Идея была не нова. Жаботинский одобрительно ссылался на предшественников, таких как Де Ман в Бельгии и Поппер-Линкеус в Австрии; он внимательно следил за социальной политикой ("новым курсом") Рузвельта в Соединенных Штатах. И, как это характерно для него, он закончил свое эссе оптимистической нотой:
"Я верю, что "старики" имеют ответ на все; история с нами, и несмотря на эти интерлюдии полицейских государств, будущее будет таким, каким мы хотим, чтобы оно было"[682].
Но в это же время небеса Европы с каждым днем темнели от напора регламентации, тоталитаризма и диктатуры.
И тогда, через год после "восстания стариков" Жаботинский оставил позади многочисленные европейские заботы и помчался в Южную Африку, как обещал, чтобы завершить не законченный прежде визит. Там он вручил местным лидерам "Бейтара" рукопись. Когда он ее писал — так и останется тайной. Видимо, чтобы отдохнуть в какой-то период этого тяжелого года, он решил искать ностальгическое утешение в другой своей вечно молодой любви. Среди своих вечных тяжких работ и тревог он написал учебник иврита.
Назывался он "Тарьяг милим" (613 слов) — "Введение в разговорный иврит"[683].
Тексты — 113 страниц — напечатаны, как и должно, латиницей, чтобы облегчить много лет смущавшую его трудность для вновь прибывших, при их первой встрече с языком. Надо сказать, это замечательный учебник, и вступление, и некоторые объяснения, написанные по-английски, полны юмора и хорошего настроения.
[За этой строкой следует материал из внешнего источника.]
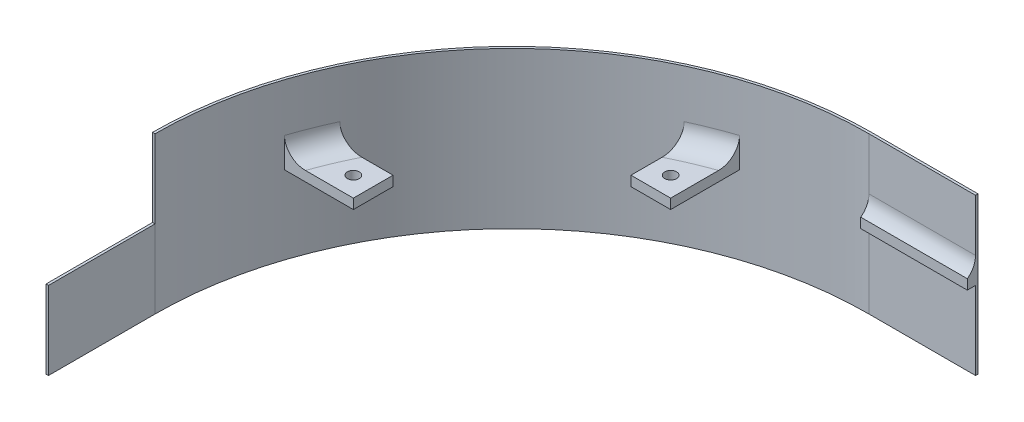
SolidWorks part; units mm, degrees
ref_plane "Front Plane" through (0, 0, 0) normal (0, 0, 1) x (1, 0, 0)
ref_plane "Top Plane" through (0, 0, 0) normal (0, 1, 0) x (1, 0, 0)
ref_plane "Right Plane" through (0, 0, 0) normal (1, 0, 0) x (0, 0, -1)
sketch "Sketch1" plane through (0, 0, 0) normal (0, 1, 0) x (1, 0, 0)
  line L1 (-34.1312, -148.4312) -> (34.1313, -148.4312)
  line L2 (-148.4312, -34.1312) -> (-148.4312, 34.1313)
  line L3 (-34.1312, 148.4313) -> (34.1313, 148.4313)
  line L4 (148.4312, -34.1312) -> (148.4312, 34.1313)
  line L5 (-148.4312, -148.4312) -> (148.4313, 148.4312) construction
  line L6 (-148.4312, 148.4312) -> (148.4313, -148.4312) construction
  arc A1 (-34.1312, -148.4312) -> (-148.4312, -34.1312) centre (-34.1312, -34.1312) cw
  arc A2 (34.1313, -148.4312) -> (148.4312, -34.1312) centre (34.1313, -34.1312) ccw
  arc A3 (34.1313, 148.4313) -> (148.4312, 34.1313) centre (34.1313, 34.1313) cw
  arc A4 (-148.4312, 34.1313) -> (-34.1312, 148.4313) centre (-34.1312, 34.1313) cw
  point P0 (0, 0)
  dimension "D1" = 296.8625
  dimension "D3" = 114.3
  dimension "D2" = 296.8625
extrude "Boss-Extrude1" add sketch "Sketch1" along normal blind 6.35
sketch "Sketch4" plane through (0, 6.35, 0) normal (0, 1, 0) x (1, 0, 0)
  line L0 (-39.448, -144.217) -> (39.448, -144.217)
  line L1 (-39.448, -120.2902) -> (39.448, -120.2902)
  line L2 (-39.448, 120.2902) -> (39.448, 120.2902)
  line L3 (-39.448, 144.217) -> (39.448, 144.217)
  line L4 (-39.448, 118.7027) -> (39.448, 118.7027)
  line L5 (-39.448, 145.8045) -> (39.448, 145.8045)
  line L6 (-39.448, -145.8045) -> (39.448, -145.8045)
  line L7 (-39.448, -118.7027) -> (39.448, -118.7027)
  line L8 (-13.125, 107.0625) -> (-13.125, 100.3125) construction
  line L9 (-13.125, 100.3125) -> (-18.875, 100.3125) construction
  line L10 (-18.875, 100.3125) -> (-18.875, 107.0625) construction
  line L11 (-18.875, 107.0625) -> (-13.125, 107.0625) construction
  line L12 (18.875, 107.0625) -> (18.875, 100.3125) construction
  line L13 (18.875, 100.3125) -> (13.125, 100.3125) construction
  line L14 (13.125, 100.3125) -> (13.125, 107.0625) construction
  line L15 (13.125, 107.0625) -> (18.875, 107.0625) construction
  line L16 (-7, 56.325) -> (-13, 56.325) construction
  line L17 (-13, 56.325) -> (-13, 64.325) construction
  line L18 (-13, 64.325) -> (-7, 64.325) construction
  line L19 (-7, 64.325) -> (-7, 56.325) construction
  line L20 (25, 56.325) -> (19, 56.325) construction
  line L21 (19, 56.325) -> (19, 64.325) construction
  line L22 (19, 64.325) -> (25, 64.325) construction
  line L23 (25, 64.325) -> (25, 56.325) construction
  line L24 (-13, -56.325) -> (-7, -56.325) construction
  line L25 (-7, -56.325) -> (-7, -64.325) construction
  line L26 (-7, -64.325) -> (-13, -64.325) construction
  line L27 (-13, -64.325) -> (-13, -56.325) construction
  line L28 (19, -56.325) -> (25, -56.325) construction
  line L29 (25, -56.325) -> (25, -64.325) construction
  line L30 (25, -64.325) -> (19, -64.325) construction
  line L31 (19, -64.325) -> (19, -56.325) construction
  line L32 (-18.875, -107.0625) -> (-18.875, -100.3125) construction
  line L33 (-18.875, -100.3125) -> (-13.125, -100.3125) construction
  line L34 (-13.125, -100.3125) -> (-13.125, -107.0625) construction
  line L35 (-13.125, -107.0625) -> (-18.875, -107.0625) construction
  line L36 (13.125, -107.0625) -> (13.125, -100.3125) construction
  line L37 (13.125, -100.3125) -> (18.875, -100.3125) construction
  line L38 (18.875, -100.3125) -> (18.875, -107.0625) construction
  line L39 (18.875, -107.0625) -> (13.125, -107.0625) construction
  line L40 (-13.125, 107.0625) -> (-13.125, 100.3125)
  line L41 (-13.125, 100.3125) -> (-18.875, 100.3125)
  line L42 (-18.875, 100.3125) -> (-18.875, 107.0625)
  line L43 (-18.875, 107.0625) -> (-13.125, 107.0625)
  line L44 (18.875, 107.0625) -> (18.875, 100.3125)
  line L45 (18.875, 100.3125) -> (13.125, 100.3125)
  line L46 (13.125, 100.3125) -> (13.125, 107.0625)
  line L47 (13.125, 107.0625) -> (18.875, 107.0625)
  line L48 (-7, 56.325) -> (-13, 56.325)
  line L49 (-13, 56.325) -> (-13, 64.325)
  line L50 (-13, 64.325) -> (-7, 64.325)
  line L51 (-7, 64.325) -> (-7, 56.325)
  line L52 (25, 56.325) -> (19, 56.325)
  line L53 (19, 56.325) -> (19, 64.325)
  line L54 (19, 64.325) -> (25, 64.325)
  line L55 (25, 64.325) -> (25, 56.325)
  line L56 (-13, -56.325) -> (-7, -56.325)
  line L57 (-7, -56.325) -> (-7, -64.325)
  line L58 (-7, -64.325) -> (-13, -64.325)
  line L59 (-13, -64.325) -> (-13, -56.325)
  line L60 (19, -56.325) -> (25, -56.325)
  line L61 (25, -56.325) -> (25, -64.325)
  line L62 (25, -64.325) -> (19, -64.325)
  line L63 (19, -64.325) -> (19, -56.325)
  line L64 (-18.875, -107.0625) -> (-18.875, -100.3125)
  line L65 (-18.875, -100.3125) -> (-13.125, -100.3125)
  line L66 (-13.125, -100.3125) -> (-13.125, -107.0625)
  line L67 (-13.125, -107.0625) -> (-18.875, -107.0625)
  line L68 (13.125, -107.0625) -> (13.125, -100.3125)
  line L69 (13.125, -100.3125) -> (18.875, -100.3125)
  line L70 (18.875, -100.3125) -> (18.875, -107.0625)
  line L71 (18.875, -107.0625) -> (13.125, -107.0625)
  line L72 (-18.875, -107.0625) -> (-13.125, -100.3125) construction
  line L73 (13.125, -107.0625) -> (18.875, -100.3125) construction
  line L74 (-13, -64.325) -> (-7, -56.325) construction
  line L75 (19, -64.325) -> (25, -56.325) construction
  line L76 (-13, 56.325) -> (-7, 64.325) construction
  line L77 (19, 56.325) -> (25, 64.325) construction
  line L78 (13.125, 100.3125) -> (18.875, 107.0625) construction
  line L79 (-18.875, 100.3125) -> (-13.125, 107.0625) construction
  arc A0 (58.6792, -125.8296) -> (39.448, -120.2902) centre (39.448, -156.4424) ccw construction
  arc A1 (58.6792, -138.6776) -> (58.6792, -125.8296) centre (54.6436, -132.2536) ccw construction
  arc A2 (39.448, -144.217) -> (58.6792, -138.6776) centre (39.448, -108.0647) ccw construction
  arc A3 (-39.448, -120.2902) -> (-58.6792, -125.8296) centre (-39.448, -156.4424) ccw construction
  arc A4 (-58.6792, -125.8296) -> (-58.6792, -138.6776) centre (-54.6436, -132.2536) ccw construction
  arc A5 (-58.6792, -138.6776) -> (-39.448, -144.217) centre (-39.448, -108.0647) ccw construction
  arc A6 (-58.6792, 125.8296) -> (-39.448, 120.2902) centre (-39.448, 156.4424) ccw construction
  arc A7 (-58.6792, 138.6776) -> (-58.6792, 125.8296) centre (-54.6436, 132.2536) ccw construction
  arc A8 (-39.448, 144.217) -> (-58.6792, 138.6776) centre (-39.448, 108.0647) ccw construction
  arc A9 (58.6792, 138.6776) -> (39.448, 144.217) centre (39.448, 108.0647) ccw construction
  arc A10 (58.6792, 125.8296) -> (58.6792, 138.6776) centre (54.6436, 132.2536) ccw construction
  arc A11 (39.448, 120.2902) -> (58.6792, 125.8296) centre (39.448, 156.4424) ccw construction
  arc A12 (58.6792, -125.8296) -> (39.448, -120.2902) centre (39.448, -156.4424) ccw
  arc A13 (58.6792, -138.6776) -> (58.6792, -125.8296) centre (54.6436, -132.2536) ccw
  arc A14 (39.448, -144.217) -> (58.6792, -138.6776) centre (39.448, -108.0647) ccw
  arc A15 (-39.448, -120.2902) -> (-58.6792, -125.8296) centre (-39.448, -156.4424) ccw
  arc A16 (-58.6792, -125.8296) -> (-58.6792, -138.6776) centre (-54.6436, -132.2536) ccw
  arc A17 (-58.6792, -138.6776) -> (-39.448, -144.217) centre (-39.448, -108.0647) ccw
  arc A18 (-58.6792, 125.8296) -> (-39.448, 120.2902) centre (-39.448, 156.4424) ccw
  arc A19 (-58.6792, 138.6776) -> (-58.6792, 125.8296) centre (-54.6436, 132.2536) ccw
  arc A20 (-39.448, 144.217) -> (-58.6792, 138.6776) centre (-39.448, 108.0647) ccw
  arc A21 (58.6792, 138.6776) -> (39.448, 144.217) centre (39.448, 108.0647) ccw
  arc A22 (58.6792, 125.8296) -> (58.6792, 138.6776) centre (54.6436, 132.2536) ccw
  arc A23 (39.448, 120.2902) -> (58.6792, 125.8296) centre (39.448, 156.4424) ccw
  arc A24 (-59.5236, 124.4853) -> (-39.448, 118.7027) centre (-39.448, 156.4424) ccw
  arc A25 (39.448, 118.7027) -> (59.5236, 124.4853) centre (39.448, 156.4424) ccw
  arc A26 (59.5236, 124.4853) -> (59.5236, 140.0219) centre (54.6436, 132.2536) ccw
  arc A27 (59.5236, 140.0219) -> (39.448, 145.8045) centre (39.448, 108.0647) ccw
  arc A28 (-39.448, 145.8045) -> (-59.5236, 140.0219) centre (-39.448, 108.0647) ccw
  arc A29 (-59.5236, 140.0219) -> (-59.5236, 124.4853) centre (-54.6436, 132.2536) ccw
  arc A30 (39.448, -145.8045) -> (59.5236, -140.0219) centre (39.448, -108.0647) ccw
  arc A31 (59.5236, -140.0219) -> (59.5236, -124.4853) centre (54.6436, -132.2536) ccw
  arc A32 (59.5236, -124.4853) -> (39.448, -118.7027) centre (39.448, -156.4424) ccw
  arc A33 (-39.448, -118.7027) -> (-59.5236, -124.4853) centre (-39.448, -156.4424) ccw
  arc A34 (-59.5236, -124.4853) -> (-59.5236, -140.0219) centre (-54.6436, -132.2536) ccw
  arc A35 (-59.5236, -140.0219) -> (-39.448, -145.8045) centre (-39.448, -108.0647) ccw
  point P58 (-16, -103.6875)
  point P60 (16, 103.6875)
  point P62 (-16, 103.6875)
  point P63 (-10, 60.325)
  point P66 (22, 60.325)
  point P68 (-10, -60.325)
  point P70 (16, -103.6875)
  point P71 (22, -60.325)
  dimension "D1" = 1.5875
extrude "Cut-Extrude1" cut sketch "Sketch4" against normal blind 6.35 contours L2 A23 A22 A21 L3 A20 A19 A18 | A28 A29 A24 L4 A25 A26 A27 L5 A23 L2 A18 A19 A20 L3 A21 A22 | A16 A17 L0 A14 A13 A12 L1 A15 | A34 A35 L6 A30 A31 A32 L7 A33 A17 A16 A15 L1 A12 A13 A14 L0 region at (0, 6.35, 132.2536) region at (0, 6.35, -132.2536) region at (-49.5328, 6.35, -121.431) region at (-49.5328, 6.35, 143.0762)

Для Жаботинского писание этой книги наверняка было не примером "работы", но выражением "игры".
ГЛАВА ДЕВЯНОСТО ШЕСТАЯ
ПРЕБЫВАНИЕ в Египте в июле 1837 года впервые дало Жаботинскому возможность встретиться с новым командиром ЭЦЕЛа Робертом Биткером и двумя его подчиненными, Моше Розенбергом и Авраамом Штерном. Они не явились на прием, организованный в отеле членами египетской ветви НСО. И это было правильно, потому что там оказались два детектива из палестинской полиции, которые сумели еще и сфотографировать все собрание. Фотография, была снабжена именами участников — иногда ошибочно[684].
Лидеры ЭЦЕЛа поставили перед Жаботинским острейший вопрос: согласится ли он на акции возмездия в ответ на арабские атаки? Это был не теоретический вопрос, хотя в 1936 году "официально" считалось, что арабские нападения прекратились. Весной они начались опять, хотя и в гораздо меньших масштабах, — просто при удобном случае убивали евреев. Они уверяли Жаботинского, что вскоре начнется новая волна более массированных нападений.
Жаботинский не хотел бы таких обязательств. Он никогда не тянулся сердцем к подпольным организациям. Даже в 1920 году, когда он организовал движение самозащиты в Иерусалиме, он сказал британскому губернатору о том, что делает. Подполье хорошо для диаспоры. В Еврейском национальном доме евреи имеют право защищать себя и открыто предпринимать контратаки. Но смирившись с неизбежностью подпольной организации, он представлял себе ее задачу как чистую самозащиту, как отражение прямых атак и, в крайнем случае, контратаку на опознанных нападающих. Розенберг потом передавал слова Жаботинского, что он не видит большого героизма в нападении на араба, который идет на базар.